There is a lot of Alien (1979) DNA in Outland, especially in the rugged, lived-in quality of the outpost, and the blue-collar nature of the people. Outland is rough and dirty, and the workers are tough and rowdy. They live in small spaces, their beds stacked one on top of the other with little privacy afforded to them. In contrast, O’Neil and the other high administrative positions live in comparatively fancy quarters with plenty of space and luxury. Also as in Alien, the real villain of the film is the faceless corporation, always putting profit above human lives.

It isn’t nearly as good as Alien. Director Peter Hyams doesn’t have nearly the skill or artistry of Ridley Scott. The script (also by Hyams) isn’t as tight either. But the world that he has created is really quite something, and Sean Connery gives one of his finer performances.

Awesome ’80s in April: The Presidio (1988)

the presidio poster

It is funny what you remember from your childhood. Until this week I’d never seen The Presidio, but I remember that my cousin Clifton has. I remember him telling me how awesome it was and that James Bond beat a guy up using just his thumb. That was enough to make me want to watch it, but I wasn’t even a teenager in 1988 and my mother was much more strict about what she let us watch than Aunt Sandi was for Clifton. When I was old enough to watch it I had already moved on to other movies. But I still remember wondering how a guy could beat another guy up with just a thumb.

That guy is Colonel Alan Caldwell (Sean Connery) the provost marshall of the Presidio Army Base in San Francisco, California. He’s a hard-nosed guy who doesn’t take too kindly when Jay Austin (Mark Harmon), a police detective shows up at his door trying to solve two murders. One murder was committed on the base, but another, seemingly by the same criminal, was committed in the city. That means it is SFPD jurisdiction.

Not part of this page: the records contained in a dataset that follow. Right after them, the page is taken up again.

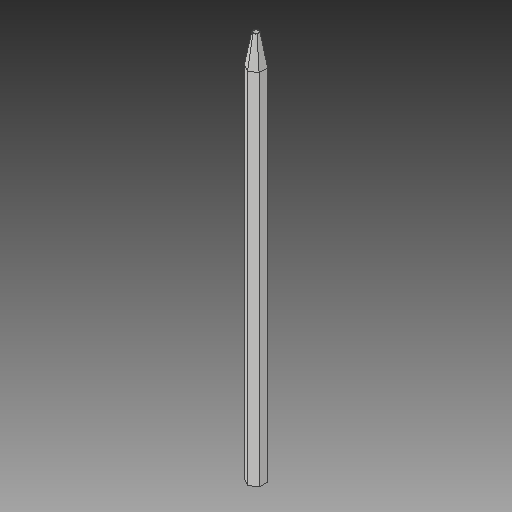
# Autodesk Inventor part: Pencil Shell
Saved by Autodesk Inventor 2017 (Build 210142000, 142)
## iProperties
Created: 2015-08-30
Part Number: Pencil Shell
Material: Generic
Document SubType Name: Modeling
Density: 1 g/cm^3
Appearance: Default
Autodesk Inventor part; units mm, degrees
ref_plane "YZ Plane" through (0, 0, 0) normal (1, 0, 0) x (0, 1, 0)
ref_plane "XZ Plane" through (0, 0, 0) normal (0, 1, 0) x (-1, 0, 0)
sketch "Sketch1" plane through (0, 0, 0) normal (0, 1, 0) x (-1, 0, 0)
  line L0 (2.45, -1.4145) -> (0, -2.829)
  line L1 (0, -2.829) -> (-2.45, -1.4145)
  line L2 (-2.45, -1.4145) -> (-2.45, 1.4145)
  line L3 (-2.45, 1.4145) -> (0, 2.829)
  line L4 (0, 2.829) -> (2.45, 1.4145)
  line L5 (2.45, 1.4145) -> (2.45, -1.4145)
  point P0 (0, 0)
  point P1 (0, 0)
  dimension "d0" = 4.9
  constraints: 12 end point, 1 coincident, 13 other
  measures "d0" distance between parallel lines of L2 L5
extrude "Extrusion1" add sketch "Sketch1" along normal blind 120
ref_plane "Work Plane1" through (0, 130, 0) normal (0, 1, 0) x (1, 0, 0)
sketch "Sketch2" plane through (0, 120, 0) normal (0, 1, 0) x (1, 0, 0)
  line L0 (-2.45, 1.4145) -> (0, 2.829)
  line L1 (0, 2.829) -> (2.45, 1.4145)
  line L2 (2.45, 1.4145) -> (2.45, -1.4145)
  line L3 (2.45, -1.4145) -> (0, -2.829)
  line L4 (0, -2.829) -> (-2.45, -1.4145)
  line L5 (-2.45, -1.4145) -> (-2.45, 1.4145)
  point P0 (0, 0)
  point P1 (0, 0)
  dimension "d4" = 4.9
  constraints: 12 end point, 1 coincident, 13 other
  measures "d4" distance between parallel lines of L2 L5
sketch "Sketch3" plane through (0, 130, 0) normal (0, 1, 0) x (1, 0, 0)
  circle A0 centre (0, 0) radius 1
  dimension "d5" = 2
  constraints: 1 centre point, 1 coincident
  measures "d5" diameter of A0
loft "Loft1" add profiles "Sketch3" section 1 edges at (-1.225, 120, -2.1218) (-2.45, 120, 0) (-1.225, 120, 2.1218) (1.225, 120, 2.1218) (2.45, 120, 0) (1.225, 120, -2.1218)
hole "Hole1" at (0, 130, 0) direction (0, -1, 0) diameter 1.5 end through all
body "Solid1"
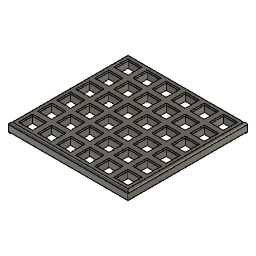
Parametric_Key_Tester (Autodesk Fusion 360 design; units mm, degrees)
part number: Parametric Key Tester
Autodesk Fusion 360 part; units mm, degrees
sketch "Sketch1" plane through (0, 0, 0) normal (0, 0, 1) x (1, 0, 0) in component "Key Tester"
  line L0 (0, 0) -> (119, 0)
  line L1 (119, 0) -> (119, 119)
  line L2 (119, 119) -> (0, 119)
  line L3 (0, 119) -> (0, 0)
  line L4 (5, 5) -> (19, 5)
  line L5 (19, 5) -> (19, 19)
  line L6 (19, 19) -> (5, 19)
  line L7 (5, 19) -> (5, 5)
  line L8 (4, 4) -> (20, 4)
  line L9 (20, 4) -> (20, 20)
  line L10 (20, 20) -> (4, 20)
  line L11 (4, 20) -> (4, 4)
  dimension "d1" = 119
  dimension "d2" = 119
  dimension "d3" = 14
  dimension "d4" = 14
  dimension "d5" = 5
  dimension "d6" = 5
  dimension "d65" = 1
  constraint horizontal L0
  constraint vertical L1
  constraint coincident L0.start L3.end
  constraint horizontal L4
  constraint vertical L5
  constraint horizontal L6
  constraint vertical L7
  constraint horizontal L2
  measures "d1" distance of L0.start L0.end
  measures "d2" distance of L0.start L2.end
  measures "d3" distance of L4.start L4.end
  measures "d4" distance of L4.start L6.end
  measures "d5" distance of L3 L7
  measures "d6" distance of L0 L4
extrude "Extrude6" add sketch "Sketch1" along normal blind 10 contours L0 L1 L2 L3 | L4 L5 L6 L7 | L8 L9 L10 L11 in component "Key Tester"
fillet "Fillet3" radius 2 8 edges at (59.5, 119, 10) (0, 59.5, 10) (59.5, 0, 10) (119, 59.5, 10) (59.5, 119, 0) (119, 59.5, 0) (0, 59.5, 0) (59.5, 0, 0) in component "Key Tester"
extrude "Extrude7" cut sketch "Sketch1" along normal up to surface (10 mm away) contours L4 L5 L6 L7 in component "Key Tester"
extrude "Extrude8" cut sketch "Sketch1" along normal up to surface (8.2 mm away) contours L8 L9 L10 L11 in component "Key Tester"
fillet "Fillet4" radius 1 4 edges at (12, 20, 0) (20, 12, 0) (12, 4, 0) (4, 12, 0) in component "Key Tester"
pattern_linear "R-Pattern1" count 6 spacing 19 along (0, 1, 0) count 6 spacing 19 along (1, 0, 0) of "Extrude7", "Extrude8", "Fillet4" in component "Key Tester"
component "Key Tester" placed x (1, 0, 0) y (0, 1, 0) z (0, 0, 1) at (0, 0, 0)
equation "d1 = SwitchWidth * Columns + SwitchSpacing * Columns + SwitchSpacing"
equation "d2 = SwitchHeight * Rows + SwitchSpacing * Rows + SwitchSpacing"
equation "d3 = SwitchWidth"
equation "d4 = SwitchHeight"
equation "d5 = SwitchSpacing"
equation "d6 = SwitchSpacing"
equation "Rows = 6" comment "Number of rows"
equation "Columns = 6" comment "Number of columns"
equation "SwitchHeight = 14 mm" comment "Switch Height (14 for MX)"
equation "SwitchWidth = 14 mm" comment "Switch Width (14 for MX)"
equation "SwitchSpacing = 5 mm" comment "Spacing between switches (Normally 5)"
equation "d68 = Thickness"
equation "d78 = Rows"
equation "d79 = Columns"
equation "d80 = -( SwitchWidth + SwitchSpacing )"
equation "d81 = -( SwitchWidth + SwitchSpacing )"
equation "Thickness = 10 mm" comment "Thickness of platform"

Turns out Austin used to be an Army man, stationed at the Presidio, under the command of Caldwell. They didn’t get along too well, but are forced to team up to solve these murders. This sets up our buddy cop film with one tough, old, by-the-books officer and a younger do whatever-it-takes to get the job done detective.

It is all pretty standard 1980s cop flick fare. Connery is great and the mystery is pretty good. The action is mostly average although I did enjoy one scene inside a warehouse full of giant water bottles that get shot up pretty good. Meg Ryan plays the love interest who is also Caldwell’s daughter. She’s basically a Meg Ryan type but not given much to do.

All in all a pretty good way to spend a Saturday afternoon at the movies.

Oh and that scene where Connery takes down a dude with his thumb? That’s worth the price of admission all on its own.

I almost forgot to mention, there is a scene in which Mark Harmon’s character meets a woman with a bunch of Grateful Dead posters on her office wall. He needs something from her so they have a hilarious chat about the Dead and which shows they’ve seen. It ends with him promising to send her a Dylan bootleg.